Updated by Tom Clegg almost 4 years ago
With GetBucketLocation returning the cluster ID as the location, same sequence of tests:
seq | |
1 | 1.4s |
2 | 0.6s |
3 | 0.7s |
4 | 0.6s |
5 | 0.7s |
6 | 0.5s |
7 | 0.6s |
Updated by Tom Clegg almost 4 years ago
16745-keep-web-cache @ 2fe25e2b32042098106acead136fd3064bab30e3 -- developer-run-tests: #2356
- new session cache
- handle GetBucketLocation API (location returned is the cluster ID)
- return 400 for unsupported APIs like GetObjectAcl instead of mishandling them as GetObject
Updated by Ward Vandewege almost 4 years ago
Tom Clegg wrote:
16745-keep-web-cache @ 2fe25e2b32042098106acead136fd3064bab30e3 -- developer-run-tests: #2356
Looks like a transient wb intergration test failure, otherwise ok.
- new session cache
- handle GetBucketLocation API (location returned is the cluster ID)

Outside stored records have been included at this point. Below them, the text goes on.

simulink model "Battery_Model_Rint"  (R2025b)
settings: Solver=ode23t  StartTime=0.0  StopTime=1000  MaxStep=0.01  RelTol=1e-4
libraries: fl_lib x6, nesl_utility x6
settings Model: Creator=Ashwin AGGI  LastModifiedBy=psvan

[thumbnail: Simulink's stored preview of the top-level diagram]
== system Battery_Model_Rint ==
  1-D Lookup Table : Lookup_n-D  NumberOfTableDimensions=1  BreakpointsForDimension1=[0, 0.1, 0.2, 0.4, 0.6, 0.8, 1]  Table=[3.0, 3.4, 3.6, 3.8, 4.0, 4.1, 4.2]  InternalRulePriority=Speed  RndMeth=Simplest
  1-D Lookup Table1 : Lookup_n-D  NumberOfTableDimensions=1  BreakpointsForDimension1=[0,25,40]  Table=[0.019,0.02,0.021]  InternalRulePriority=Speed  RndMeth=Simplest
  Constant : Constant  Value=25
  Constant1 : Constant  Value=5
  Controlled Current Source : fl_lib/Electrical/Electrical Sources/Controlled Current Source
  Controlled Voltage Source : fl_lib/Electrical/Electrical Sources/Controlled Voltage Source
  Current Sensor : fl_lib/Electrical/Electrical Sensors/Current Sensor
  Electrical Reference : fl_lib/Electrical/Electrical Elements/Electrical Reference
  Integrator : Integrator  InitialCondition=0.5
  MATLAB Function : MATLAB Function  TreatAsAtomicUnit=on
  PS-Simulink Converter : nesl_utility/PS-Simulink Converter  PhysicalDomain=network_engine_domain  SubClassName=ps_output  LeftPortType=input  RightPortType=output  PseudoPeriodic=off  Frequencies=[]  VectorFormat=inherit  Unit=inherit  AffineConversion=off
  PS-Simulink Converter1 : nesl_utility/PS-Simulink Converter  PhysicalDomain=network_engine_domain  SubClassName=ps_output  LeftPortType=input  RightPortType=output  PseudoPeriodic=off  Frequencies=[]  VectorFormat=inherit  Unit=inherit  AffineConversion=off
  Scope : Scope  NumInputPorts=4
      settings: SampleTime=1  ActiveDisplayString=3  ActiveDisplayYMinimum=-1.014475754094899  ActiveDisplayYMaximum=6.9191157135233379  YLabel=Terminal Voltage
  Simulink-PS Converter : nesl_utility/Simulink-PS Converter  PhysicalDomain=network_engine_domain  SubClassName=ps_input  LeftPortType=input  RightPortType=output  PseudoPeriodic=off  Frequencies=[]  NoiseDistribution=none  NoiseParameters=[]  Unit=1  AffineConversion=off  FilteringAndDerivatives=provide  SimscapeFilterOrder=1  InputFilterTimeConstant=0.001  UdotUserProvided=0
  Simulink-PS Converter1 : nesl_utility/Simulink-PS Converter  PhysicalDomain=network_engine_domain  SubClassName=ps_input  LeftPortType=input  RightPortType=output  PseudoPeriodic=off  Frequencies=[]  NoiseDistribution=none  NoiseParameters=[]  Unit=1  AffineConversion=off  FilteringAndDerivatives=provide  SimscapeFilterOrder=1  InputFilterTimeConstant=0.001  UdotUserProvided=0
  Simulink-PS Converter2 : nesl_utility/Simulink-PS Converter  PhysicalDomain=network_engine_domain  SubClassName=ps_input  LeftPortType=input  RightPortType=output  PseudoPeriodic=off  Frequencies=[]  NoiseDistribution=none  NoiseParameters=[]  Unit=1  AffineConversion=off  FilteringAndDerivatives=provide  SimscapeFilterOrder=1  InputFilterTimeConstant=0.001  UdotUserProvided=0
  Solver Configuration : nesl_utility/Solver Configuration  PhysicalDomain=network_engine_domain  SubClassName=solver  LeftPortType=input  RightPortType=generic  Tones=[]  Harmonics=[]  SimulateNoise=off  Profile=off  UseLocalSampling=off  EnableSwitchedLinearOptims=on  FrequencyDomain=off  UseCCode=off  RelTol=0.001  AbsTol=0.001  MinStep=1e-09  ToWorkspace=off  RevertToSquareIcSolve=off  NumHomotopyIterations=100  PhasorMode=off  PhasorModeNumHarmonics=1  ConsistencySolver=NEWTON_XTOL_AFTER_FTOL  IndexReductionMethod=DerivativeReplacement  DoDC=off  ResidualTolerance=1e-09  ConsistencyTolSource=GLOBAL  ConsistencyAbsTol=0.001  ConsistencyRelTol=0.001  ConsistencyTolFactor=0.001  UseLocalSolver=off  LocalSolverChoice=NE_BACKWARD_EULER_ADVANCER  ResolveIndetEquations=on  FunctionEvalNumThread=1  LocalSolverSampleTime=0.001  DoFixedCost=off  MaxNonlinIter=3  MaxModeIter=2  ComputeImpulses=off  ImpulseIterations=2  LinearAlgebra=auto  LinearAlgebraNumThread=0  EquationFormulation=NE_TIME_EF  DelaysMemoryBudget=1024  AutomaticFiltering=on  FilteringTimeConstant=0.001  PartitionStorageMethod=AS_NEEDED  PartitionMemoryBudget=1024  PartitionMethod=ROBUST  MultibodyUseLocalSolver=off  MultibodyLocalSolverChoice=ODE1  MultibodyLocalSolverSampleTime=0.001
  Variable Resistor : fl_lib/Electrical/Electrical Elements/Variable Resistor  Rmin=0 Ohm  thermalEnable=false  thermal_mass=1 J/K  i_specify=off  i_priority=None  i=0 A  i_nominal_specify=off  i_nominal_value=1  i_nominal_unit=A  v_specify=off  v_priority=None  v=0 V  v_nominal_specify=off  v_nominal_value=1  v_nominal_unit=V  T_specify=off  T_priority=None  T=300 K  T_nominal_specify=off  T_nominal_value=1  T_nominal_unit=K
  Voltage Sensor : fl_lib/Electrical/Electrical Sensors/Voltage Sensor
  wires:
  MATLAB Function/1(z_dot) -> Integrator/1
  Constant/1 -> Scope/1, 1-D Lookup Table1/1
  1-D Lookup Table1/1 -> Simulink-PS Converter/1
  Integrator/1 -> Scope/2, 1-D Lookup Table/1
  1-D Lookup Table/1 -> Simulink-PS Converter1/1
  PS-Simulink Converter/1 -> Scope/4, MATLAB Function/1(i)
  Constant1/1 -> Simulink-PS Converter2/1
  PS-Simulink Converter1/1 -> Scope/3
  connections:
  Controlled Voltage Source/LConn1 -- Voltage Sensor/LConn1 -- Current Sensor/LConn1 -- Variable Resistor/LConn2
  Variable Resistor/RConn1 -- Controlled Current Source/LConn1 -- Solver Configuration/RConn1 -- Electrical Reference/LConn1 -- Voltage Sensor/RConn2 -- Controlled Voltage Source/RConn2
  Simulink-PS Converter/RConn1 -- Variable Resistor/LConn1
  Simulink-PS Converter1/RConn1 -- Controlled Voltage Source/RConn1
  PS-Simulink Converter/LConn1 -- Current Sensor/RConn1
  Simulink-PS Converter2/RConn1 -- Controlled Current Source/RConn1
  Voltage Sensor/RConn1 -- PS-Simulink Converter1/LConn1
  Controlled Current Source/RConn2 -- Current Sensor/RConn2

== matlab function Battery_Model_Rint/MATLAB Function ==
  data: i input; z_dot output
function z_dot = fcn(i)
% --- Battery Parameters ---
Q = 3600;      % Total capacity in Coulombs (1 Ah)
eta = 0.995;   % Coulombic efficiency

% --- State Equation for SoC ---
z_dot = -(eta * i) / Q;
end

- return 400 for unsupported APIs like GetObjectAcl instead of mishandling them as GetObject
Review comment, just one thing:
- the `cached_manifest_bytes` metric is awkwardly named now that it also includes session size. Maybe we should rename it to `cached_collection_bytes` (to line up with the `MaxCollectionBytes` configuration parameter)? We only just added this metric in 2.1.0, right? It's probably fine to rename it to be more accurately named.
Thanks, LGTM otherwise.
Updated by Tom Clegg almost 4 years ago
Renamed the metric to cached_collection_bytes. Also changed the namespace from keepweb_collectioncache to keepweb_sessions. We're planning to get rid of the "collection cache" stuff and move everything to session cache, so I figure we might as well avoid changing the name again later or leaving it with a mysteriously different name.
16745-keep-web-cache @ 30bfb516f3f5bc88c3d0c07e380496f31b65945f -- developer-run-tests: #2358
Updated by Ward Vandewege almost 4 years ago
Tom Clegg wrote:
Renamed the metric to cached_collection_bytes. Also changed the namespace from keepweb_collectioncache to keepweb_sessions. We're planning to get rid of the "collection cache" stuff and move everything to session cache, so I figure we might as well avoid changing the name again later or leaving it with a mysteriously different name.
16745-keep-web-cache @ 30bfb516f3f5bc88c3d0c07e380496f31b65945f -- developer-run-tests: #2358
Thanks, LGTM.
Updated by Tom Clegg almost 4 years ago
- Target version changed from 2021-03-03 sprint to 2021-03-17 sprint
Updated by Tom Clegg almost 4 years ago
- Status changed from In Progress to Resolved
- % Done changed from 0 to 100
Applied in changeset arvados|a76b52ff503ae14df608904349670151a5b15e47.